# Migracion de Beryl a Compiz Fusion [cerrado]

## x86

Hola,

Me pregunto si alguien ha visto alguna guía para dar el salto a Compiz Fusion desde el difunto beryl..

No estoy seguro si deberia unmerger o hacer un depclean de todo lo relacionado con beryl (me da la impresion que puedo cargarme el sistema haciendo esto   :Confused:  ) para luego instalar Compiz Fusion .. 

Algun consejo, alguien que lo halla hecho ¿?

Saludos y graciasLast edited by x86 on Thu Nov 15, 2007 3:28 pm; edited 1 time in total

----------

## i92guboj

 *x86 wrote:*   

> Hola,
> 
> Me pregunto si alguien ha visto alguna guía para dar el salto a Compiz Fusion desde el difunto beryl..
> 
> No estoy seguro si deberia unmerger o hacer un depclean de todo lo relacionado con beryl (me da la impresion que puedo cargarme el sistema haciendo esto   ) para luego instalar Compiz Fusion .. 
> ...

 

Lo correcto -bajo mi humilde y totalmente irrelevante punto de vista-, sería esto:

1.- desinstalar beryl, y cualquier otro paquete relacionado que se haya emergido a mano

2.- usar emerge --ask --depclean para desinstalar la basura restante, en un sistema sano, dicho comando no querrá desinstalar nada (solo lo relacionado con beryl). Si no estás seguro, postea la salida antes de decir "yes".

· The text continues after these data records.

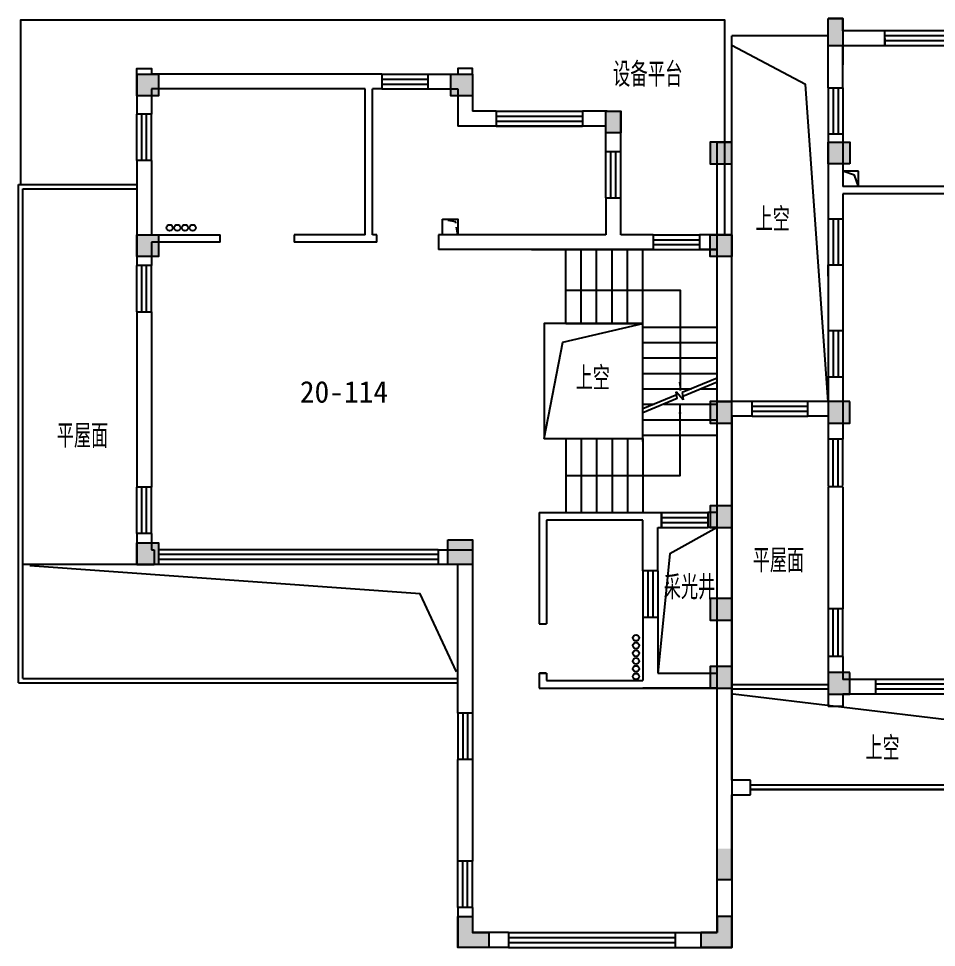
# Model space of a CAD drawing. Extents: x 296441 to 853063, y 459050 to 1117990.
# Drawn here: x 434187 to 449056, y 647149 to 662190 of the extents above; entities that cross this region are included whole.
import ezdxf
from ezdxf.enums import TextEntityAlignment as Align

# ---------------------------------------------------------------- set-up
doc = ezdxf.new("R2010")
doc.units = 0
doc.header["$LTSCALE"] = 1000
for name, pattern in [('5-GRID$0$CENTER2', [28.575, 19.05, -3.175, 3.175, -3.175]), ('B-PLAN-RF$0$HIDDEN', [0.375, 0.25, -0.125]), ('E1-FL02$0$HIDDEN2', [4.7625, 3.175, -1.5875])]:
    doc.linetypes.add(name, pattern=pattern)
for name, color, linetype in [('0-COL', 50, 'Continuous'), ('0-COL-H1', 170, 'Continuous'), ('0-COL-TZ', 220, 'Continuous'), ('16-PLAN-FL02-P$0$A-WALL', 1, 'Continuous'), ('5-GRID$0$G-GRID', 8, '5-GRID$0$CENTER2'), ('A-FL01$0$水条件', 2, 'Continuous'), ('C1-PLAN-FL03-P$0$A-ANNO-IDEN', 2, 'Continuous'), ('D-PLAN-ROOF$0$A-ROOF', 2, 'Continuous'), ('D-TEXT-FL01-mi$0$A-ROOM-IDEN', 4, 'Continuous'), ('DIM_SYMB', 3, 'Continuous'), ('DZ-3-PLAN-FL02$0$H-FL02-GN$0$A-HRAL', 5, 'Continuous'), ('DZ-3-PLAN-FL03$0$H-FL02-GN$0$A-OVLK', 140, 'Continuous'), ('DZ-TEXT-FL01$0$A-ROOM-IDEN', 4, 'Continuous'), ('E-TEXT-BS01-MI-14$0$A-ROOM-IDEN', 4, 'Continuous'), ('E-TEXT-FL02$0$A-ROOM-IDEN', 4, 'Continuous'), ('E1-BS01-18-19$0$A-OVLK', 140, 'Continuous'), ('E1-FL02$0$A-ANNO-SYMB', 6, 'Continuous'), ('E1-FL02$0$A-FIXT', 162, 'Continuous'), ('E1-FL02$0$A-HOLE', 211, 'Continuous'), ('E1-FL02$0$A-OVLK', 140, 'Continuous'), ('E1-FL02$0$A-PLUM', 4, 'Continuous'), ('E1-FL02$0$A-STRS', 4, 'Continuous'), ('E1-FL02$0$A-WALL', 1, 'Continuous'), ('E1-FL03$0$A-HOLE', 211, 'Continuous'), ('E1-FL03$0$A-STRS', 4, 'Continuous'), ('E4-FL02$0$A-OVLK', 140, 'Continuous'), ('F1-FL02$0$A-OVLK', 140, 'Continuous'), ('G-FL01$0$A-HOLE', 211, 'Continuous'), ('G-FL02$0$A-ANNO-ARRW', 2, 'Continuous'), ('G-FL02$0$A-ANNO-SYMB', 6, 'Continuous'), ('G-FL02$0$A-STRS', 4, 'Continuous'), ('G-FL02$0$A-WALL', 1, 'Continuous'), ('G1-FL02$0$A-DOOR', 4, 'Continuous'), ('G1-FL02$0$A-HOLE', 211, 'Continuous'), ('G1-FL02$0$A-HRAL', 5, 'Continuous'), ('G1-FL02$0$A-OVLK', 140, 'Continuous'), ('M-暖通提建筑', 3, 'Continuous'), ('WALL', 242, 'Continuous'), ('ZT2_分格--轮廓-------LM、DY', 80, 'Continuous')]:
    doc.layers.add(name, color=color, linetype=linetype)
doc.layers.add('E1-BS01-18-19$0$ENTR-DETL-P$0$A-ANNO-NPLT', color=215, linetype='Continuous', plot=False)
doc.styles.add('C1-PLAN-FL03-P$0$GOA_03_黑体_1.00', font='simhei.ttf')
doc.styles.add('E-TEXT-FL02$0$GOA_01_thin_0.75', font='romans.shx', dxfattribs={"width": 0.75, "bigfont": 'hzdx.shx'})
doc.styles.get("Standard").update_dxf_attribs({"font": 'gbenor.shx', "bigfont": 'gbcbig.shx'})

# ---------------------------------------------------------------- blocks, each defined once
blk = doc.blocks.new('C1-PLAN-FL03-P$0$GOA_A-roomnumber1')
blk = doc.blocks.new('YD')
at = {"layer": 'M-暖通提建筑', "linetype": 'B-PLAN-RF$0$HIDDEN', "ltscale": 0.5}
blk.add_lwpolyline([(236275, 65242), (236525, 65242), (236525, 64992), (236275, 64992)], close=True, dxfattribs=at)
blk.add_lwpolyline([(236525, 64992), (236492, 65202), (236275, 65242)], dxfattribs=at)
blk = doc.blocks.new('A$C64B43E37')
at = {"color": 2}
for points in [[(-11280, 12115), (-11280, 14780), (120, 14780), (120, 11320)], [(240, 8360), (240, -240), (-260, -240)]]:
    blk.add_lwpolyline(points, dxfattribs=at)
at = {"color": 2, "elevation": 0}
for points in [[(-900, 6800), (-150, 6800)], [(-900, 6720), (-150, 6720)], [(-900, 6640), (-150, 6640)], [(-900, 6560), (-150, 6560)], [(-4520, 6200), (-9050, 6200)], [(-4520, 6120), (-9050, 6120)], [(-4520, 6040), (-9050, 6040)], [(-4520, 5960), (-9050, 5960)], [(-1200, 5860), (-1200, 5110)], [(-1120, 5860), (-1120, 5110)], [(-1040, 5860), (-1040, 5110)], [(-960, 5860), (-960, 5110)], [(-4200, 3555), (-4200, 2805)], [(-4120, 3555), (-4120, 2805)], [(-4040, 3555), (-4040, 2805)], [(-3960, 3555), (-3960, 2805)], [(-4200, 405), (-4200, 1155)], [(-4120, 405), (-4120, 1155)], [(-4040, 405), (-4040, 1155)], [(-3960, 405), (-3960, 1155)], [(-3380, 0), (-680, 0)], [(-3380, -80), (-680, -80)], [(-3380, -160), (-680, -160)], [(-3380, -160), (-680, -160)], [(-3380, -240), (-680, -240)]]:
    blk.add_lwpolyline(points, dxfattribs=at)
at = {"layer": '0-COL-H1', "color": 2}
for p, q in [((240, 260), (0, 260)), ((0, 260), (0, 0)), ((240, -240), (240, 260)), ((-260, 0), (-260, -240)), ((0, 0), (-260, 0)), ((-260, -240), (240, -240))]:
    blk.add_line(p, q, dxfattribs=at)
at = {"layer": '0-COL-H1', "color": 2, "elevation": 0}
for points in [[(-9400, 13900), (-9050, 13900), (-9050, 13550), (-9400, 13550)], [(-4310, 13900), (-3960, 13900), (-3960, 13550), (-4310, 13550)], [(-4360, 6360), (-3960, 6360), (-3960, 5960), (-4360, 5960)], [(240, 4310), (-110, 4310), (-110, 3960), (240, 3960)]]:
    blk.add_lwpolyline(points, close=True, dxfattribs=at)
at = {"layer": '0-COL-H1', "color": 2}
for points in [[(-1800, 13300), (-1560, 13300), (-1560, 12950), (-1800, 12950)], [(240, 10950), (-110, 10950), (-110, 11300), (240, 11300)], [(240, 6910), (-110, 6910), (-110, 6560), (240, 6560)], [(-3959, 261), (-3959, 1), (-3699, 1), (-3699, -239), (-4199, -239), (-4199, 261)]]:
    blk.add_lwpolyline(points, close=True, dxfattribs=at)
for points in [[(-9050, 13550, 0), (-9050, 13900, 0), (-9400, 13550, 0), (-9400, 13900, 0)], [(-3960, 13550, 0), (-3960, 13900, 0), (-4310, 13550, 0), (-4310, 13900, 0)], [(-1560, 12950), (-1560, 13300), (-1800, 12950), (-1800, 13300)], [(-110, 11300), (-110, 10950), (240, 11300), (240, 10950)], [(-110, 6560), (-110, 6910), (240, 6560), (240, 6910)], [(-3960, 5960, 0), (-3960, 6360, 0), (-4360, 5960, 0), (-4360, 6360, 0)], [(-110, 3960, 0), (-110, 4310, 0), (240, 3960, 0), (240, 4310, 0)], [(-3959, 261), (-4199, 261), (-3959, 1), (-4199, -239)], [(0, 260), (240, 260), (0, 0), (240, -240)], [(-3959, 1), (-4199, -239), (-3699, 1), (-3699, -239)], [(0, 0), (240, -240), (-260, 0), (-260, -240)]]:
    blk.add_solid(points, dxfattribs=at)
at = {"layer": '0-COL-TZ', "color": 2, "elevation": 0}
for points in [[(-9400, 13900), (-9050, 13900), (-9050, 13550), (-9400, 13550)], [(-4310, 13900), (-3960, 13900), (-3960, 13550), (-4310, 13550)], [(-1800, 13300), (-1560, 13300), (-1560, 12950), (-1800, 12950)], [(-9400, 11300), (-9050, 11300), (-9050, 10950), (-9400, 10950)], [(-9400, 6310), (-9050, 6310), (-9050, 5960), (-9400, 5960)]]:
    blk.add_lwpolyline(points, close=True, dxfattribs=at)
at = {"layer": '0-COL-TZ', "color": 2}
for points in [[(-9050, 13550, 0), (-9050, 13900, 0), (-9400, 13550, 0), (-9400, 13900, 0)], [(-3960, 13550, 0), (-3960, 13900, 0), (-4310, 13550, 0), (-4310, 13900, 0)], [(-1560, 12950), (-1560, 13300), (-1800, 12950), (-1800, 13300)], [(-9050, 10950), (-9050, 11300), (-9400, 10950), (-9400, 11300)], [(-9050, 5960), (-9050, 6310), (-9400, 5960), (-9400, 6310)]]:
    blk.add_solid(points, dxfattribs=at)
at = {"layer": 'A-FL01$0$水条件', "color": 2}
for centre in [(-8869, 11412, 0), (-8744, 11412, 0), (-8619, 11412, 0), (-8494, 11412, 0), (-1312, 4772, 0), (-1312, 4647, 0), (-1312, 4522, 0), (-1312, 4397, 0), (-1312, 4272, 0), (-1312, 4147, 0)]:
    blk.add_circle(centre, 50, dxfattribs=at)
at = {"layer": 'E1-FL03$0$A-HOLE', "color": 2, "linetype": 'ByBlock', "elevation": 0}
for points in [[(-1300, 9860), (-2800, 9860), (-2800, 8000), (-1800, 8000)], [(-2800, 8000), (-2500, 9560), (-1200, 9860)]]:
    blk.add_lwpolyline(points, dxfattribs=at)
blk.add_lwpolyline([(-1200, 9860), (-2800, 9860), (-2800, 8000), (-1200, 8000)], close=True, dxfattribs=at)
at = {"layer": 'G-FL01$0$A-HOLE', "color": 2, "elevation": 0}
blk.add_lwpolyline([(0, 6560), (-765, 6133), (-960, 4200)], dxfattribs=at)
at = {"layer": 'G-FL02$0$A-ANNO-ARRW', "color": 2, "extrusion": (2.78234e-21, 2.27195e-05, 1), "elevation": 1}
for points in [[(-2450, 10400), (-600, 10400), (-600, 8776)], [(-2450, 7400), (-600, 7400), (-600, 8540)]]:
    blk.add_lwpolyline(points, dxfattribs=at)
at = {"layer": 'G-FL02$0$A-ANNO-ARRW', "color": 2, "extrusion": (2.78234e-21, 2.27195e-05, 1)}
for points in [[(-623, 8916, 1), (-600, 8776, 1), (-577, 8916, 1)], [(-623, 8400, 1), (-600, 8540, 1), (-577, 8400, 1)]]:
    blk.add_solid(points, dxfattribs=at)
at = {"layer": 'G-FL02$0$A-ANNO-SYMB', "color": 2, "extrusion": (2.78234e-21, 2.27195e-05, 1)}
for p, q in [((0, 8977, 0), (-564, 8743, 0)), ((0, 8913, 0), (-556, 8683, 0)), ((-645, 8646, 0), (-660, 8754, 0)), ((-547, 8626, 0), (-660, 8754, 0)), ((-564, 8743, 0), (-547, 8626, 0)), ((-654, 8706, 0), (-1200, 8479, 0)), ((-645, 8646, 0), (-1200, 8414, 0))]:
    blk.add_line(p, q, dxfattribs=at)
at = {"layer": 'G-FL02$0$A-STRS', "color": 2, "ltscale": 0.1, "extrusion": (2.78234e-21, 2.27195e-05, 1)}
for p, q in [((-2450, 9860, 0), (-2450, 11060, 0)), ((-2200, 9860, 0), (-2200, 11060, 0)), ((-1950, 9860, 0), (-1950, 11060, 0)), ((-1700, 9860, 0), (-1700, 11060, 0)), ((-1450, 9860, 0), (-1450, 11060, 0)), ((-1200, 9860, 0), (-1200, 11060, 0)), ((-2450, 9860, 0), (-2450, 9910, 0)), ((-2200, 9860, 0), (-2200, 9910, 0)), ((-1950, 9860, 0), (-1950, 9910, 0)), ((-1700, 9860, 0), (-1700, 9910, 0)), ((-1450, 9860, 0), (-1450, 9910, 0)), ((-1200, 7950, 0), (-1200, 9910, 0)), ((-1200, 9805, 0), (0, 9805, 0)), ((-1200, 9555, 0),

3.- quitar los overlays que tengas relacionados con beryl y similares, por si acaso

4.- emerge -uDvN world, para asegurarte que si hay algún paquete que se ha eliminado de un overlay, se recompile pero en su versión de portage

5-. revdep-rebuild, no estrictamente necesario, pero por limpieza

Ahora emerge compiz-fusion.

----------

## AnFe

Yo lo hice casi como dice i92guboj y no tuve problemas. Lo único que no menciona pero que supongo que tendrás claro es que tienes que añadir unas cuantas líneas a tu package.keywords .

Un saludo!

----------

## i92guboj

 *AnFe wrote:*   

> Yo lo hice casi como dice i92guboj y no tuve problemas. Lo único que no menciona pero que supongo que tendrás claro es que tienes que añadir unas cuantas líneas a tu package.keywords .
> 
> Un saludo!

 

Eso es porque estoy en ~amd64 y también tengo aceptados los keywords x86 y ~x86 jeje, pero tienes razón. Si están en la rama inestable se necesita añadir los respectivos keywords.

----------

## Howlett

 *i92guboj wrote:*   

> Lo correcto -bajo mi humilde y totalmente irrelevante punto de vista-, sería esto:
> 
> 1.- desinstalar beryl, y cualquier otro paquete relacionado que se haya emergido a mano
> 
> 2.- usar emerge --ask --depclean para desinstalar la basura restante, en un sistema sano, dicho comando no querrá desinstalar nada (solo lo relacionado con beryl). Si no estás seguro, postea la salida antes de decir "yes".
> ...

 

Yo hice todo esto en su momento, añadiendo lo de meter los paquetes correspondientes en el package.keywords (autounmask al rescate) y ahora tengo compiz-fusion funcionando perfectamente.

----------

## x86

Bueno he actualizado el sistema, he hecho un revdep-rebuild  y  bueno he hecho un emerge --depclean -p antes de desintalar nada a ver como esta mi sistema, y mi sorpresa es que salen 77 paquetes a borrar asi que supongo que mejor arreglar esto antes de seguir .. 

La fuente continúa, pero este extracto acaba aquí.